If timing is clearly off, results are interpreted cautiously and repeat testing may be recommended. You are not penalised for biology that is already complex.
What if I don’t ovulate that cycle?
That information is still clinically useful.
Low late-cycle progesterone confirms an anovulatory cycle, which helps explain symptoms and guides next steps. Hormone health is assessed over patterns, not perfection.

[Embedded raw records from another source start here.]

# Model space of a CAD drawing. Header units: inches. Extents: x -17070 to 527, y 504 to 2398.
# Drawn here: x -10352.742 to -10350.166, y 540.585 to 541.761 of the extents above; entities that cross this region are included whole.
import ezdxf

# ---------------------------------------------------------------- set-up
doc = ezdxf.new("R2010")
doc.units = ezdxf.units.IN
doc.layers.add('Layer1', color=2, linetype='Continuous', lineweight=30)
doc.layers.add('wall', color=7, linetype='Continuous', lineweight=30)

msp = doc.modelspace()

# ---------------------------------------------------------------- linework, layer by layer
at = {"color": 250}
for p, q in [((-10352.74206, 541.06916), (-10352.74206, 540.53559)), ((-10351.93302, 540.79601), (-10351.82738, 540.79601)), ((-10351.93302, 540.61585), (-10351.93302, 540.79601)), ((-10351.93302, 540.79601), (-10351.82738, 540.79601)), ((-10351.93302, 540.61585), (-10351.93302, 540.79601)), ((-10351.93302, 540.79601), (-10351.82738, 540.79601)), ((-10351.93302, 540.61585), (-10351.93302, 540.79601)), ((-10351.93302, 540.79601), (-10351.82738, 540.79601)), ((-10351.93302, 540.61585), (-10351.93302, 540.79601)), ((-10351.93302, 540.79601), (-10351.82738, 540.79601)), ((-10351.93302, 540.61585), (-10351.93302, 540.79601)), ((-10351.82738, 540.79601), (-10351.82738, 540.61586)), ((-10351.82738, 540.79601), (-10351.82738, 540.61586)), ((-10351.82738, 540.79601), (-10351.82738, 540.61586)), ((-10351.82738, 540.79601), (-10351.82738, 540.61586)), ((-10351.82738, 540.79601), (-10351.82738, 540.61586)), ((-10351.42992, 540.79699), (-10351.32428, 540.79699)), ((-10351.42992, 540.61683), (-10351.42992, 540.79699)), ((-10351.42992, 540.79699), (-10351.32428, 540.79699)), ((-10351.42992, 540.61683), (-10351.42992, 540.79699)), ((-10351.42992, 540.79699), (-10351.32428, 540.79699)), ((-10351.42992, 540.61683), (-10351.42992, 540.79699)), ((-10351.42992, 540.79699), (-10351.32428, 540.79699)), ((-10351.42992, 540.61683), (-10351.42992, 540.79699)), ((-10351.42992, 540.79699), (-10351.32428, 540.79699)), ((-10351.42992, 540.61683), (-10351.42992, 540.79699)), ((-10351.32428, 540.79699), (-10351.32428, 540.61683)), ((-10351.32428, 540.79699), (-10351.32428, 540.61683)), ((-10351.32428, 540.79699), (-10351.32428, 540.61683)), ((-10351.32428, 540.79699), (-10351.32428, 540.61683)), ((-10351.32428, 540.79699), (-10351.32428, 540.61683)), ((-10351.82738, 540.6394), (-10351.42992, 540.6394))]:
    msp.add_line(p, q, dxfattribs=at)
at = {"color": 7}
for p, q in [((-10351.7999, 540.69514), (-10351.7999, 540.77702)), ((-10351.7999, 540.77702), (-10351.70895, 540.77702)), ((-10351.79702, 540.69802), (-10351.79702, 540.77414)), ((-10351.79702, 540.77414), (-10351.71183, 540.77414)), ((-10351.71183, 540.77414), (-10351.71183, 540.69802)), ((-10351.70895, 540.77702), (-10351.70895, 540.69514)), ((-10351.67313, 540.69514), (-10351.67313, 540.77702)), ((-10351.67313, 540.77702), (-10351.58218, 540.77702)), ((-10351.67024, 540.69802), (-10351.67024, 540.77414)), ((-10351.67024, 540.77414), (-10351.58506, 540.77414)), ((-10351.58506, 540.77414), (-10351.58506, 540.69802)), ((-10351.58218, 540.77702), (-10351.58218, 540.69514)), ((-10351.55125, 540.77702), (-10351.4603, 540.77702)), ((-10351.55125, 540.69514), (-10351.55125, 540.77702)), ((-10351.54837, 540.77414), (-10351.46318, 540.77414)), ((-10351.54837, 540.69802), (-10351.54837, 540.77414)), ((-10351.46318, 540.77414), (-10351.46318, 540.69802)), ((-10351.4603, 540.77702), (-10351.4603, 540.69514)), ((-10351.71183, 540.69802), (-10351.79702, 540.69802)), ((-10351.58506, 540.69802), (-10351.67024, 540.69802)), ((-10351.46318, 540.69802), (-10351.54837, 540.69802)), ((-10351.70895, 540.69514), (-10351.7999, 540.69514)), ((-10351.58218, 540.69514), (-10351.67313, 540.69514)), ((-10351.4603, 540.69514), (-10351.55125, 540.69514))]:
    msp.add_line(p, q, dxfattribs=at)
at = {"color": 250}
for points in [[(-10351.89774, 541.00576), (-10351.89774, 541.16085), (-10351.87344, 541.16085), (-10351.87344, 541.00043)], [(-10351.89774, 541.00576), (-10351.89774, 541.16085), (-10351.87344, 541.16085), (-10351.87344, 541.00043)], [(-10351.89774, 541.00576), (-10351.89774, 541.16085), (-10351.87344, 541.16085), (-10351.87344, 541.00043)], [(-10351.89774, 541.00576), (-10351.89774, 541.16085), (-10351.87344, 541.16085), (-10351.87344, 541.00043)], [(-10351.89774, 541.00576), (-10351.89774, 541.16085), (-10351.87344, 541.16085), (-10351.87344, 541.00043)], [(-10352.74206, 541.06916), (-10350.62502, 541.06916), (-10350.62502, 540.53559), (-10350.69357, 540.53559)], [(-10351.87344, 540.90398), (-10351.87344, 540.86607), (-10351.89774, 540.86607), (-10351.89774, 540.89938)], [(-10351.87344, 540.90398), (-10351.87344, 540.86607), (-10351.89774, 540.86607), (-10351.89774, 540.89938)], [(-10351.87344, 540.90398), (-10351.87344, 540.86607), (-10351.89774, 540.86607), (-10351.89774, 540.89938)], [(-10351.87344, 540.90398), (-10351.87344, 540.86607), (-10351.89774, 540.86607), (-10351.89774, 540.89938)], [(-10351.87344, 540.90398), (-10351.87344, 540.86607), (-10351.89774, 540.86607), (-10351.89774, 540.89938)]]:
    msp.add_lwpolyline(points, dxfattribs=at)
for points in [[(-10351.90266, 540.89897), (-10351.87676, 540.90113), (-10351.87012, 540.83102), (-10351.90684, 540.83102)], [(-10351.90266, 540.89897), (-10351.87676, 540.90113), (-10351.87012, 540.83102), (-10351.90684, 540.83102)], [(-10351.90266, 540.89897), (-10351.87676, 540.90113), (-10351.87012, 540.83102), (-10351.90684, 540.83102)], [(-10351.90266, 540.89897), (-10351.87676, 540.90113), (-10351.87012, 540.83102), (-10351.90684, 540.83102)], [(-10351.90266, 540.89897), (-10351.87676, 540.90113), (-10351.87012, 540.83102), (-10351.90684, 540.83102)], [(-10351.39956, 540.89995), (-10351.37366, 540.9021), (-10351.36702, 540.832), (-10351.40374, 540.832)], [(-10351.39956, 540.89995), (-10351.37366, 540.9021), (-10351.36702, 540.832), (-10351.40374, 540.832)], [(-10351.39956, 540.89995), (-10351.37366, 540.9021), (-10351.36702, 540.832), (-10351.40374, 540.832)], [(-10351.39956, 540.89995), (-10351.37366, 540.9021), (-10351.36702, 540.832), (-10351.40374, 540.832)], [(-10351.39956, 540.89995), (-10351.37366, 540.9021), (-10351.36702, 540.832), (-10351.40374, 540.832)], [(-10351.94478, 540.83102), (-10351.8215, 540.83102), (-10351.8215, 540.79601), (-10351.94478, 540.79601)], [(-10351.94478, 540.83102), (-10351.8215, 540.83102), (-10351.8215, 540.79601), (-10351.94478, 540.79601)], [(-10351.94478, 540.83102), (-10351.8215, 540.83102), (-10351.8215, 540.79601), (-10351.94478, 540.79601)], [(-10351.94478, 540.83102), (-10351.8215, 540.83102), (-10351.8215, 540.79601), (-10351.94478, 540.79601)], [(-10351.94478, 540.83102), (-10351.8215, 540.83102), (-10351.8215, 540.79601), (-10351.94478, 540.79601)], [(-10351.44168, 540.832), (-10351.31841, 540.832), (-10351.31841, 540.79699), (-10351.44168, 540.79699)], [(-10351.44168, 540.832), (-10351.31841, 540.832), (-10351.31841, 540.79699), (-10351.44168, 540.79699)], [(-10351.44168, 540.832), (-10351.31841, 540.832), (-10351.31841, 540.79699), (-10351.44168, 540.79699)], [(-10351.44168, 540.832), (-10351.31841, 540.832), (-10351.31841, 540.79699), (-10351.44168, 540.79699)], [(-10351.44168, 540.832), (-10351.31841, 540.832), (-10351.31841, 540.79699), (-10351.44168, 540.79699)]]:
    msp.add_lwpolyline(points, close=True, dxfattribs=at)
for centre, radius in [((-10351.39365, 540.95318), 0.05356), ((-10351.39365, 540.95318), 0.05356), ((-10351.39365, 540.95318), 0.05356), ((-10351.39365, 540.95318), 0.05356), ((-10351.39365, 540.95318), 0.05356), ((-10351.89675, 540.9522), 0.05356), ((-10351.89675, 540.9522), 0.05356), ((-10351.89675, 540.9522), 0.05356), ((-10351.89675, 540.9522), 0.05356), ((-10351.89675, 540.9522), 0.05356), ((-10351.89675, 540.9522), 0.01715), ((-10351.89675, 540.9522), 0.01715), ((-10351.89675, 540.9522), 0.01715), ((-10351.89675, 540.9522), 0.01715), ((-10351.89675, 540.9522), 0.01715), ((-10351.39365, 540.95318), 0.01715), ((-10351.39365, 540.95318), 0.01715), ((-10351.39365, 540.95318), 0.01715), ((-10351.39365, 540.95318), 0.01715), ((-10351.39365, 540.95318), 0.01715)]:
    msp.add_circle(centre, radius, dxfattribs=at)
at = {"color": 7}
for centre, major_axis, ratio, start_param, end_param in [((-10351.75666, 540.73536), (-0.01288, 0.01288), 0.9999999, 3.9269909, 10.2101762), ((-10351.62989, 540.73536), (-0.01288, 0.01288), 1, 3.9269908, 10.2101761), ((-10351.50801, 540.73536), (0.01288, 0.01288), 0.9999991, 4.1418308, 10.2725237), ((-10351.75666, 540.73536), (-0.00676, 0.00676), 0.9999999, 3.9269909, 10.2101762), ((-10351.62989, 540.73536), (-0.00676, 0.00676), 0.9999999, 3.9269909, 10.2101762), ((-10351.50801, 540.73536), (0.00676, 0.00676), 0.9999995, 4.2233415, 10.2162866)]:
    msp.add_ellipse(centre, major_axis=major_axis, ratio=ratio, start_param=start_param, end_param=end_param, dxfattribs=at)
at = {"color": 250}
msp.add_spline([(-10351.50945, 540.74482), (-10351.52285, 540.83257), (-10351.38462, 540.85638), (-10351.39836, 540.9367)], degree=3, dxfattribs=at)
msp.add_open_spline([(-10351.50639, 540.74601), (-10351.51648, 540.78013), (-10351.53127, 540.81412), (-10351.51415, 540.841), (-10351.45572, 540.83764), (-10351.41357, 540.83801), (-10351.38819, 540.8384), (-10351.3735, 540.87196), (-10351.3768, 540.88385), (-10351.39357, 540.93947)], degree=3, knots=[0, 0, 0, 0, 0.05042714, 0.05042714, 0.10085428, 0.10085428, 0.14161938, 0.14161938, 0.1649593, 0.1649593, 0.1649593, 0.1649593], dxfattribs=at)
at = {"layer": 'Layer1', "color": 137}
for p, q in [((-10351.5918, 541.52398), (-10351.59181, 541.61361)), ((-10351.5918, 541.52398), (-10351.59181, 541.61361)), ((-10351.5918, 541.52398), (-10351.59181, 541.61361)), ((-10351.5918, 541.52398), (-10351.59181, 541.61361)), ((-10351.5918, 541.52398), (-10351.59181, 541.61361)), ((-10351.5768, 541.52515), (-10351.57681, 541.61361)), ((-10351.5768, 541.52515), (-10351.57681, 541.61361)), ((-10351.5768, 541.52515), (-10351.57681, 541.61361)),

Is this test useful in perimenopause?
Yes. Perimenopause is characterised by erratic ovulation and declining progesterone, often years before periods stop.
The two-test structure helps identify:
Inconsistent ovulation
Low luteal progesterone
Oestrogen-progesterone imbalance driving symptoms
Results are interpreted in context rather than against rigid reference points.
Why not just test progesterone once?
Single progesterone tests frequently misclassify women as “low” or “normal” due to timing error.
This test design removes guesswork and reflects how hormones actually work across the cycle.